I know I gave you some of my initial fears and concerns upon our arrival at the NIH, but we were able to glean some really good information from the trip. First of all, diabetes or insulin resistance and liver disease is very common with kids that fit her profile so they did a thorough glucose test and metabolic work-up. We were anxious to see her glucose test results because we think she often has signs of low blood sugar..where she just goes crazy if she is low on calories. The test was a a bit of a nightmare for a little one. Consisted of at least 7 different blood draws at different intervals. Her IV nearly stopped giving blood about half way through so the blood would just barely trickle out of her veins...which made us feel even worse about all of it. They had to re-do some of the blood draws the next day because it had taken so long to get the blood that it had clotted before the pathologists could even do their magic :(. The good news is that she is not insulin resistant, but rather does have lower blood sugars, but fortunately still on the normal side of things. The only blood work that even resulted in any type of concern was some factors that measure her liver and kidney health. They are a bit out of the norm, but the kind of things we will check again in another six-month to reevaluate. The doctors were actually quite pleasantly surprised. So much so that they really would not label her particular condition as lipodystrophy because she just doesn't fit the metabolic mold, but rather they believe (as we have suspected) that she has an atypical progeria syndrome (she just has a genetic error that has not previously been associated with this condition.)
Have to admit to being a little surprised at the fact that we might actually have a definitive diagnosis. After all, that's really been what we have been hunting for the last three years. Part of me wanted to dismiss it and ask to speak to another set of professionals that specialize in atypical progeria. However, a doctor that has been at the NIH since before I was born was there to confirm this conversation, and something tells me he knows what he is seeing, when he sees it. Also, funny enough, when we asked the question of whether we should speak with someone at the NIH on the subject of atypical progeria, they quickly replied, "We can point you to someone, but it is really not necessary because you have already seen the best expert in the world on this diagnosis in Dallas. There are only a few other doctors in Europe that might compare to him but he has seen twice as many patients like Emilia as they have." Hum, wow...that's amazing and that comment got me really reflecting on the story of how we ended up in Dallas last year despite not really knowing what was going on.
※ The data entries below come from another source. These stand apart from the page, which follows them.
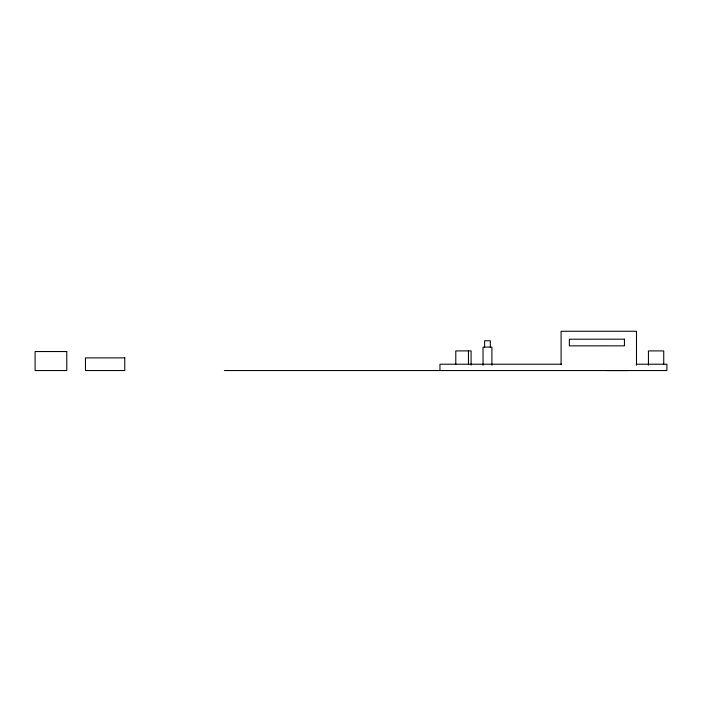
<?xml version="1.0" encoding="UTF-8"?>
<svg xmlns="http://www.w3.org/2000/svg" width="702" height="702" viewBox="0 0 702 702"><rect width="100%" height="100%" fill="white"/><g stroke="black" fill="none" stroke-linecap="round" stroke-linejoin="round"><path stroke-width="1.05" d="M561.644 364.215L439.952 364.215L439.952 370.551M636.205 364.215L666.9 364.215L666.9 370.551L224.377 370.551M663.732 364.215L663.732 350.903L648.437 350.903L648.437 365.093M636.486 365.224L636.486 331.265L561.091 331.265L561.091 364.215M627.614 370.551L606.528 370.551M491.9 365.224L491.9 347.104L483.037 347.104L483.037 365.224M490.321 347.104L490.321 340.768L484.617 340.768L484.617 347.104M471.086 365.093L471.086 350.903L455.791 350.903L455.791 364.215M468.462 350.903L468.462 364.215M624.447 339.189L624.447 345.84L569.331 345.867L569.375 339.215L624.447 339.189M66.778 351.544L35.1 351.544L35.1 370.551L66.778 370.551L66.778 351.544M124.763 357.88L85.477 357.88L85.477 370.551L124.763 370.551L124.763 357.88"/></g></svg>
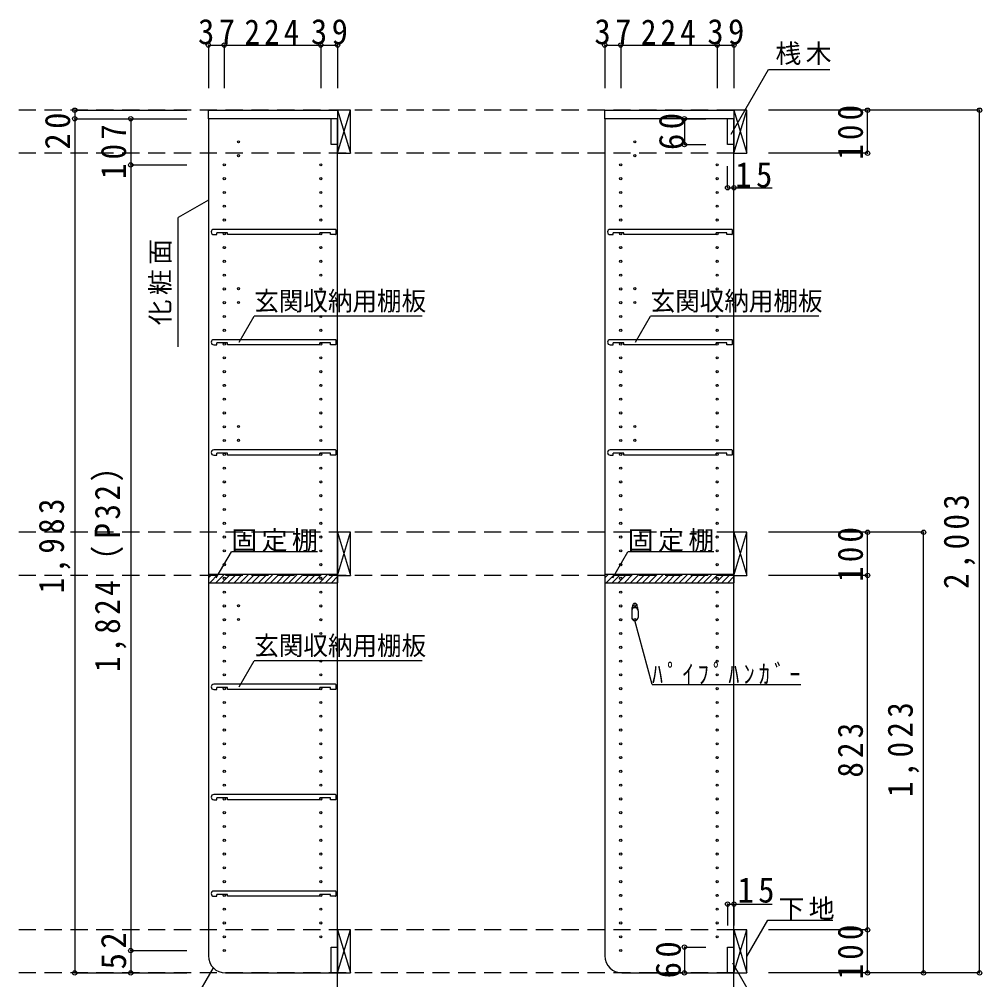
# Model space of a CAD drawing. Units: millimetres at full size, sheet at 1:20; details may follow other scales. Extents: x -8210 to 8210, y -2455 to 3200.
# Drawn here: x 2694 to 4928, y -1250 to 980 of the extents above; entities that cross this region are included whole.
import ezdxf
from ezdxf.enums import TextEntityAlignment as Align

# ---------------------------------------------------------------- set-up
doc = ezdxf.new("R2010")
doc.units = ezdxf.units.MM
doc.header["$LTSCALE"] = 20
doc.header["$PDMODE"] = 32
doc.header["$PDSIZE"] = 10
doc.linetypes.add('CHAIN1', pattern=[8, 5, -1, 1, -1])
doc.linetypes.add('DASHED2', pattern=[3, 2, -1])
for name, color, linetype in [('0-2_本体', 2, 'Continuous'), ('0-3_固定棚', 3, 'Continuous'), ('0-4_可動棚', 3, 'Continuous'), ('0-5', 4, 'Continuous'), ('0-6_ﾊﾟｲﾌﾟﾊﾝｶﾞｰ', 4, 'Continuous'), ('0-7_桟木・巾木', 2, 'Continuous'), ('0-8_引き出し', 3, 'Continuous'), ('0-A_文字', 7, 'Continuous'), ('0-B_寸法', 4, 'Continuous'), ('0-C_ハッチ', 4, 'Continuous')]:
    doc.layers.add(name, color=color, linetype=linetype)
doc.styles.add('ＭＳ ゴシック', font='')
doc.styles.get('ＭＳ ゴシック').set_extended_font_data('MS Gothic')

# ---------------------------------------------------------------- blocks, each defined once
blk = doc.blocks.new('玄関収納用棚')
at = {"layer": '0-4_可動棚', "color": 2}
for p, q in [((132.93, 8.05), (-149.57, 8.05)), ((-142.57, -3.95), (-142.57, 0.35)), ((-117.57, 0.35), (-142.57, 0.35)), ((-117.57, -3.95), (-117.57, 0.35)), ((96.43, -3.95), (96.43, 0.35)), ((134.43, -2.45), (134.43, 6.55)), ((-149.57, -3.95), (-142.57, -3.95)), ((96.43, -3.95), (-117.57, -3.95)), ((132.93, -3.95), (121.43, -3.95))]:
    blk.add_line(p, q, dxfattribs=at)
blk.add_lwpolyline([(121.43, -3.95), (121.43, 0.35), (96.43, 0.35)], dxfattribs=at)
for centre, radius, start, end in [((-149.57, 2.05), 6, 90, 180), ((-149.57, 2.05), 6, 180, 270), ((132.93, 6.55), 1.5, 0, 90), ((132.93, -2.45), 1.5, 270, 0)]:
    blk.add_arc(centre, radius, start, end, dxfattribs=at)

msp = doc.modelspace()

# ---------------------------------------------------------------- linework, layer by layer
at = {"layer": '0-2_本体'}
for p, q in [((3132.59, 748.97), (3132.59, 768.97)), ((3132.59, 768.97), (3432.59, 768.97)), ((3432.59, 768.97), (3432.59, 748.97)), ((4052.59, 748.97), (4052.59, 768.97)), ((4052.59, 768.97), (4352.59, 768.97)), ((4352.59, 768.97), (4352.59, 748.97)), ((3432.59, 748.97), (3132.59, 748.97)), ((4352.59, 748.97), (4052.59, 748.97))]:
    msp.add_line(p, q, dxfattribs=at)
at = {"layer": '0-3_固定棚', "color": 2}
for p, q in [((3132.59, -308.03), (3132.59, -328.03)), ((3132.59, -308.03), (3432.59, -308.03)), ((3432.59, -308.03), (3432.59, -328.03)), ((4052.59, -308.03), (4052.59, -328.03)), ((4052.59, -308.03), (4352.59, -308.03)), ((4352.59, -308.03), (4352.59, -328.03)), ((3132.59, -328.03), (3432.59, -328.03)), ((4052.59, -328.03), (4352.59, -328.03))]:
    msp.add_line(p, q, dxfattribs=at)
at = {"layer": '0-5', "color": 3}
for p, q in [((3432.59, 748.97), (3132.59, 748.97)), ((3132.59, 748.97), (3132.59, -1194.03)), ((3432.59, -1234.03), (3432.59, 748.97)), ((4352.59, 748.97), (4052.59, 748.97)), ((4052.59, 748.97), (4052.59, -1194.03)), ((4352.59, -1234.03), (4352.59, 748.97)), ((3172.59, -1234.03), (3432.59, -1234.03)), ((4092.59, -1234.03), (4352.59, -1234.03))]:
    msp.add_line(p, q, dxfattribs=at)
at = {"layer": '0-5', "color": 2}
for p, q in [((3432.59, -1247.03), (3432.59, -1234.03)), ((4352.59, -1247.03), (4352.59, -1234.03))]:
    msp.add_line(p, q, dxfattribs=at)
at = {"layer": '0-5'}
for centre in [(3202.59, 695.47), (4122.59, 695.47), (3202.59, 663.47), (4122.59, 663.47), (3169.59, 641.97), (3393.59, 641.97), (4089.59, 641.97), (4313.59, 641.97), (3169.59, 609.97), (3393.59, 609.97), (4089.59, 609.97), (4313.59, 609.97), (3169.59, 577.97), (3393.59, 577.97), (4089.59, 577.97), (4313.59, 577.97), (3169.59, 545.97), (3393.59, 545.97), (4089.59, 545.97), (4313.59, 545.97), (3169.59, 513.97), (3393.59, 513.97), (4089.59, 513.97), (4313.59, 513.97), (3169.59, 481.97), (3393.59, 481.97), (4089.59, 481.97), (4313.59, 481.97), (3169.59, 449.97), (3393.59, 449.97), (4089.59, 449.97), (4313.59, 449.97), (3169.59, 417.97), (3393.59, 417.97), (4089.59, 417.97), (4313.59, 417.97), (3169.59, 385.97), (3393.59, 385.97), (4089.59, 385.97), (4313.59, 385.97), (3169.59, 353.97), (3202.59, 354.47), (3393.59, 353.97), (4089.59, 353.97), (4122.59, 354.47), (4313.59, 353.97), (3169.59, 321.97), (3202.59, 322.47), (3393.59, 321.97), (4089.59, 321.97), (4122.59, 322.47), (4313.59, 321.97), (3169.59, 289.97), (3393.59, 289.97), (4089.59, 289.97), (4313.59, 289.97), (3169.59, 257.97), (3393.59, 257.97), (4089.59, 257.97), (4313.59, 257.97), (3169.59, 225.97), (3393.59, 225.97), (4089.59, 225.97), (4313.59, 225.97), (3169.59, 193.97), (3393.59, 193.97), (4089.59, 193.97), (4313.59, 193.97), (3169.59, 161.97), (3393.59, 161.97), (4089.59, 161.97), (4313.59, 161.97), (3169.59, 129.97), (3393.59, 129.97), (4089.59, 129.97), (4313.59, 129.97), (3169.59, 97.97), (3393.59, 97.97), (4089.59, 97.97), (4313.59, 97.97), (3169.59, 65.97), (3393.59, 65.97), (4089.59, 65.97), (4313.59, 65.97), (3169.59, 33.97), (3202.59, 34.47), (3393.59, 33.97), (4089.59, 33.97), (4122.59, 34.47), (4313.59, 33.97), (3169.59, 1.97), (3202.59, 2.47), (3393.59, 1.97), (4089.59, 1.97), (4122.59, 2.47), (4313.59, 1.97), (3169.59, -30.03), (3393.59, -30.03), (4089.59, -30.03), (4313.59, -30.03), (3169.59, -62.03), (3393.59, -62.03), (4089.59, -62.03), (4313.59, -62.03), (3169.59, -94.03), (3393.59, -94.03), (4089.59, -94.03), (4313.59, -94.03), (3169.59, -126.03), (3393.59, -126.03), (4089.59, -126.03), (4313.59, -126.03), (3169.59, -158.03), (3393.59, -158.03), (4089.59, -158.03), (4313.59, -158.03), (3169.59, -190.03), (3393.59, -190.03), (4089.59, -190.03), (4313.59, -190.03), (3169.59, -222.03), (3393.59, -222.03), (4089.59, -222.03), (4313.59, -222.03), (3169.59, -254.03), (3393.59, -254.03), (4089.59, -254.03), (4313.59, -254.03), (3169.59, -286.03), (3393.59, -286.03), (4089.59, -286.03), (4313.59, -286.03), (3169.59, -318.03), (3393.59, -318.03), (4089.59, -318.03), (4313.59, -318.03), (3169.59, -350.03), (3393.59, -350.03), (4089.59, -350.03), (4313.59, -350.03), (3169.59, -382.03), (3202.59, -381.53), (3393.59, -382.03), (4089.59, -382.03), (4122.59, -381.53), (4313.59, -382.03), (3169.59, -414.03), (3202.59, -413.53), (3393.59, -414.03), (4089.59, -414.03), (4122.59, -413.53), (4313.59, -414.03), (3169.59, -446.03), (3393.59, -446.03), (4089.59, -446.03), (4313.59, -446.03), (3169.59, -478.03), (3393.59, -478.03), (4089.59, -478.03), (4313.59, -478.03), (3169.59, -510.03), (3393.59, -510.03), (4089.59, -510.03), (4313.59, -510.03), (3169.59, -542.03), (3393.59, -542.03), (4089.59, -542.03), (4313.59, -542.03), (3169.59, -574.03), (3393.59, -574.03), (4089.59, -574.03), (4313.59, -574.03), (3169.59, -606.03), (3393.59, -606.03), (4089.59, -606.03), (4313.59, -606.03), (3169.59, -638.03), (3393.59, -638.03), (4089.59, -638.03), (4313.59, -638.03), (3169.59, -670.03), (3393.59, -670.03), (4089.59, -670.03), (4313.59, -670.03), (3169.59, -702.03), (3393.59, -702.03), (4089.59, -702.03), (4313.59, -702.03), (3169.59, -734.03), (3393.59, -734.03), (4089.59, -734.03), (4313.59, -734.03), (3169.59, -766.03), (3393.59, -766.03), (4089.59, -766.03), (4313.59, -766.03), (3169.59, -798.03), (3393.59, -798.03), (4089.59, -798.03), (4313.59, -798.03), (3169.59, -830.03), (3393.59, -830.03), (4089.59, -830.03), (4313.59, -830.03), (3169.59, -862.03), (3393.59, -862.03), (4089.59, -862.03), (4313.59, -862.03), (3169.59, -894.03), (3393.59, -894.03), (4089.59, -894.03), (4313.59, -894.03), (3169.59, -926.03), (3393.59, -926.03), (4089.59, -926.03), (4313.59, -926.03), (3169.59, -958.03), (3393.59, -958.03), (4089.59, -958.03), (4313.59, -958.03), (3169.59, -990.03), (3393.59, -990.03), (4089.59, -990.03), (4313.59, -990.03), (3169.59, -1022.03), (3393.59, -1022.03), (4089.59, -1022.03), (4313.59, -1022.03), (3169.59, -1054.03), (3393.59, -1054.03), (4089.59, -1054.03), (4313.59, -1054.03), (3169.59, -1086.03), (3393.59, -1086.03), (4089.59, -1086.03), (4313.59, -1086.03), (3169.59, -1118.03), (3393.59, -1118.03), (4089.59, -1118.03), (4313.59, -1118.03), (3169.59, -1150.03), (3393.59, -1150.03), (4089.59, -1150.03), (4313.59, -1150.03), (3169.59, -1182.03), (4089.59, -1182.03)]:
    msp.add_circle(centre, 2.5, dxfattribs=at)
at = {"layer": '0-5', "color": 3}
for centre in [(3172.59, -1194.03), (4092.59, -1194.03)]:
    msp.add_arc(centre, 40, 180, 270, dxfattribs=at)
at = {"layer": '0-6_ﾊﾟｲﾌﾟﾊﾝｶﾞｰ', "color": 2}
for p, q in [((4115.09, -393.53), (4115.09, -408.53)), ((4130.09, -393.53), (4130.09, -408.53))]:
    msp.add_line(p, q, dxfattribs=at)
at = {"layer": '0-6_ﾊﾟｲﾌﾟﾊﾝｶﾞｰ', "color": 7}
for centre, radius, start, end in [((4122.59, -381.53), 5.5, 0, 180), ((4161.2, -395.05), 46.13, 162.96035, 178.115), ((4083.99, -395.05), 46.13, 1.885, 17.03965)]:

Early on, a couple of doctors kept throwing around the term progeria. At one point we even tested the specific gene that causes it and it came back normal. It bothered me that after the test people kept using the term. From everything I had read there is only one specific genetic mutation that results in classic progeria and we had already checked that. I had never heard the phrase "atypical" or in fact not even thought of "early-aging syndrome". As we all know, Google is only as good as the information you put in...and those terms just never came to mind. There were all of these conditions that I was just over-looking in my research. Finally, at an appointment with a whole team of doctors at PCH, a geneticist that we had not previously met looked me straight in the eyes and said I am certain your daughter has some sort of early-aging syndrome. Aha, the term I needed! I remember leaving that appointment wondering what I was suppose to feel. They asked me before I left if I needed to speak with a family counselor, I didn't mean to but I actually laughed and wondered why they would ask that question...did I look like I needed some "help"? That question did help me to really take her comment and her sincerity seriously.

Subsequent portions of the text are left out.